The Debt Delusion by John F. Weeks

The Debt Delusion by John F. Weeks

Author:John F. Weeks
Language: eng
Format: epub, pdf
ISBN: 9781509532964
Publisher: Wiley
Published: 2020-01-13T00:00:00+00:00


From Myth to Reality

Many politicians promote the argument that in recessionary times, when our government’s budget falls into deficit (or deeper into deficit), “belt-tightening” becomes necessary or we discover as a country that we “live beyond our means.” As explained in the first myth, national governments with their own currencies determine their means themselves, through tax policy and borrowing. The question then arises as to what determines how much a government can spend when it sets its own means. A disarmingly obvious answer presents itself – the collective judgment of the electorate determines what a democratic government should spend.

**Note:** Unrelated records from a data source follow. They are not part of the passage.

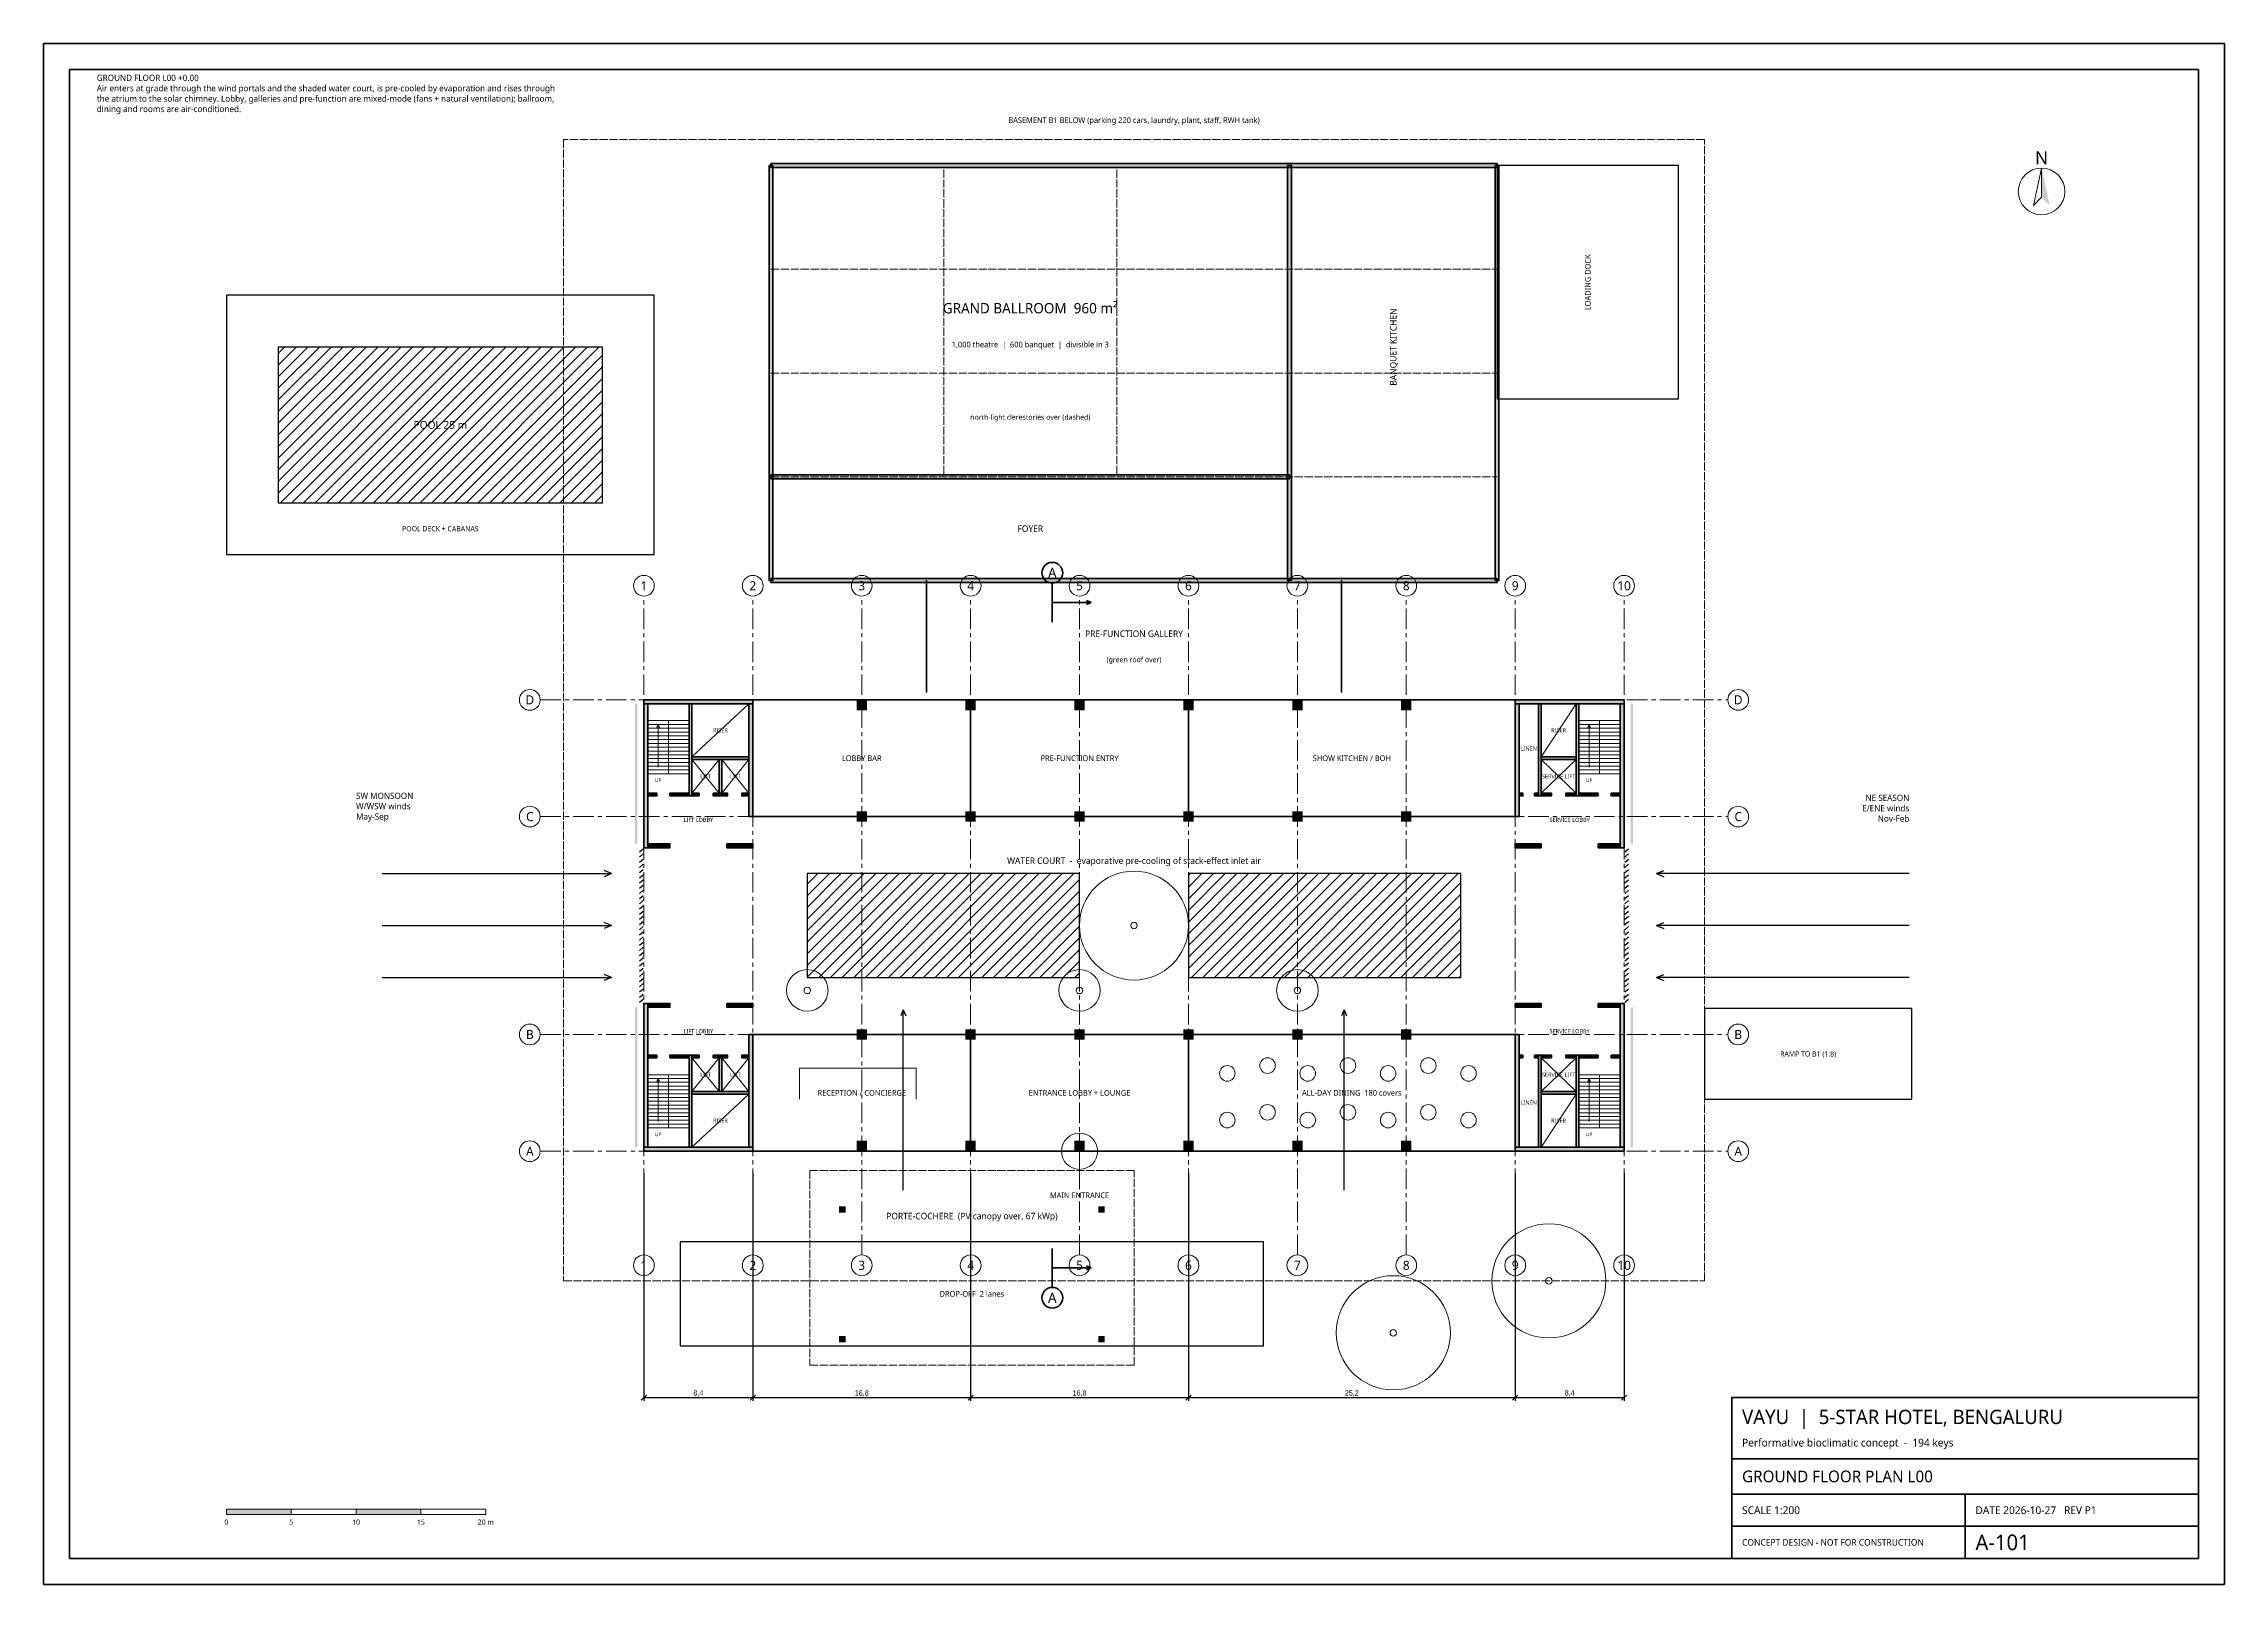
# Model space of a CAD drawing. Header units: metres. Extents: x -4 to 164, y 3 to 121.
import ezdxf
from ezdxf.enums import TextEntityAlignment as Align

# ---------------------------------------------------------------- set-up
doc = ezdxf.new("R2010")
doc.units = ezdxf.units.M
doc.header["$LTSCALE"] = 0.5
doc.linetypes.add('CENTER', pattern=[5.08, 3.175, -0.635, 0.635, -0.635])
doc.linetypes.add('DASHED', pattern=[1.524, 1.27, -0.254])
for name, color, linetype, lineweight in [('A-AIR', 5, 'Continuous', 30), ('A-ANNO', 7, 'Continuous', 18), ('A-COLS', 7, 'Continuous', 50), ('A-CORE', 7, 'Continuous', 70), ('A-DIMS', 7, 'Continuous', 13), ('A-DOOR', 7, 'Continuous', 18), ('A-FURN', 8, 'Continuous', 13), ('A-GLAZ', 4, 'Continuous', 18), ('A-GRID', 8, 'CENTER', 13), ('A-HATCH', 8, 'Continuous', 0), ('A-OVHD', 8, 'DASHED', 18), ('A-SECT', 7, 'Continuous', 70), ('A-SHAD', 30, 'Continuous', 25), ('A-STAIR', 7, 'Continuous', 18), ('A-TTLB', 7, 'Continuous', 35), ('A-WALL', 7, 'Continuous', 50), ('L-PLNT', 3, 'Continuous', 13), ('L-ROAD', 8, 'Continuous', 25), ('L-WATR', 5, 'Continuous', 25)]:
    doc.layers.add(name, color=color, linetype=linetype, lineweight=lineweight)
doc.styles.add('OpenSans', font='OpenSans-Regular.ttf')
doc.dimstyles.new('VAYU', dxfattribs={"dimtxt": 0.4, "dimasz": 0.24, "dimexe": 0.24, "dimexo": 0.2, "dimgap": 0.12, "dimtad": 1, "dimtsz": 0.2, "dimcen": 2.5, "dimazin": 3, "dimtfac": 1, "dimtmove": 0, "dimatfit": 3})

msp = doc.modelspace()

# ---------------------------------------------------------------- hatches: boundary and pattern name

This book focuses on advanced countries with developed market economies. The constraints on public spending in middle- and, especially, low-income countries with large rural populations lie beyond its scope. Among the advanced countries, levels of income vary substantially. For example, at the end of the 2010s in the European Union, Romania’s income per head barely reached $11,000, less than a fifth of Denmark’s. With notable exceptions (the United States) the share of public expenditure in GDP rises with the level of development and income per head.

To a great extent this relationship reflects the capacity to tax. In richer countries almost everyone is an employee and almost all production comes from corporate business and government itself, both easily covered by tax collection. Collecting taxes in low-income countries is problematical because of the large portion of self-employed. These structural characteristics of countries provide the context for the collective judgment of the electorate on how much to tax and spend.

Within structural constraints of level of development, in a democracy the representatives elected by the citizenry determine the level, quality and coverage of social services. Public-sector provision of those services provides a powerful vehicle to counter the unequal and discriminatory provision characteristic of private markets. A political decision to reduce public services does not reduce the need for those services in society as a whole. Reducing public services results in a loss of access by households with low incomes, which lack the income to purchase the same or similar services from private providers.

Be it elderly care, health provision, educating adults and children, or transporting people, reduction in social expenditures “saves money” while canceling that monetary saving through the form of lower health of citizens, a less educated population, and lower geographic mobility. Indeed, in the longer term, “saving money” by reducing a preventative service may create the need for greater future expenditure.

In a kind and equitable society, few citizens would object to market provision – what economists call “price rationing” – of hotel rooms and restaurant meals. These are services that, if forgone, have limited impact on basic human welfare. A low income may dictate the decision to shop in a supermarket and eat at home. It is the type of decision all but the richest regularly make. However, in a hypothetical kind and equitable society, the vast majority of citizens would recoil from creating circumstances in which any, much less many, households must choose between food on the table and life-preserving medicine.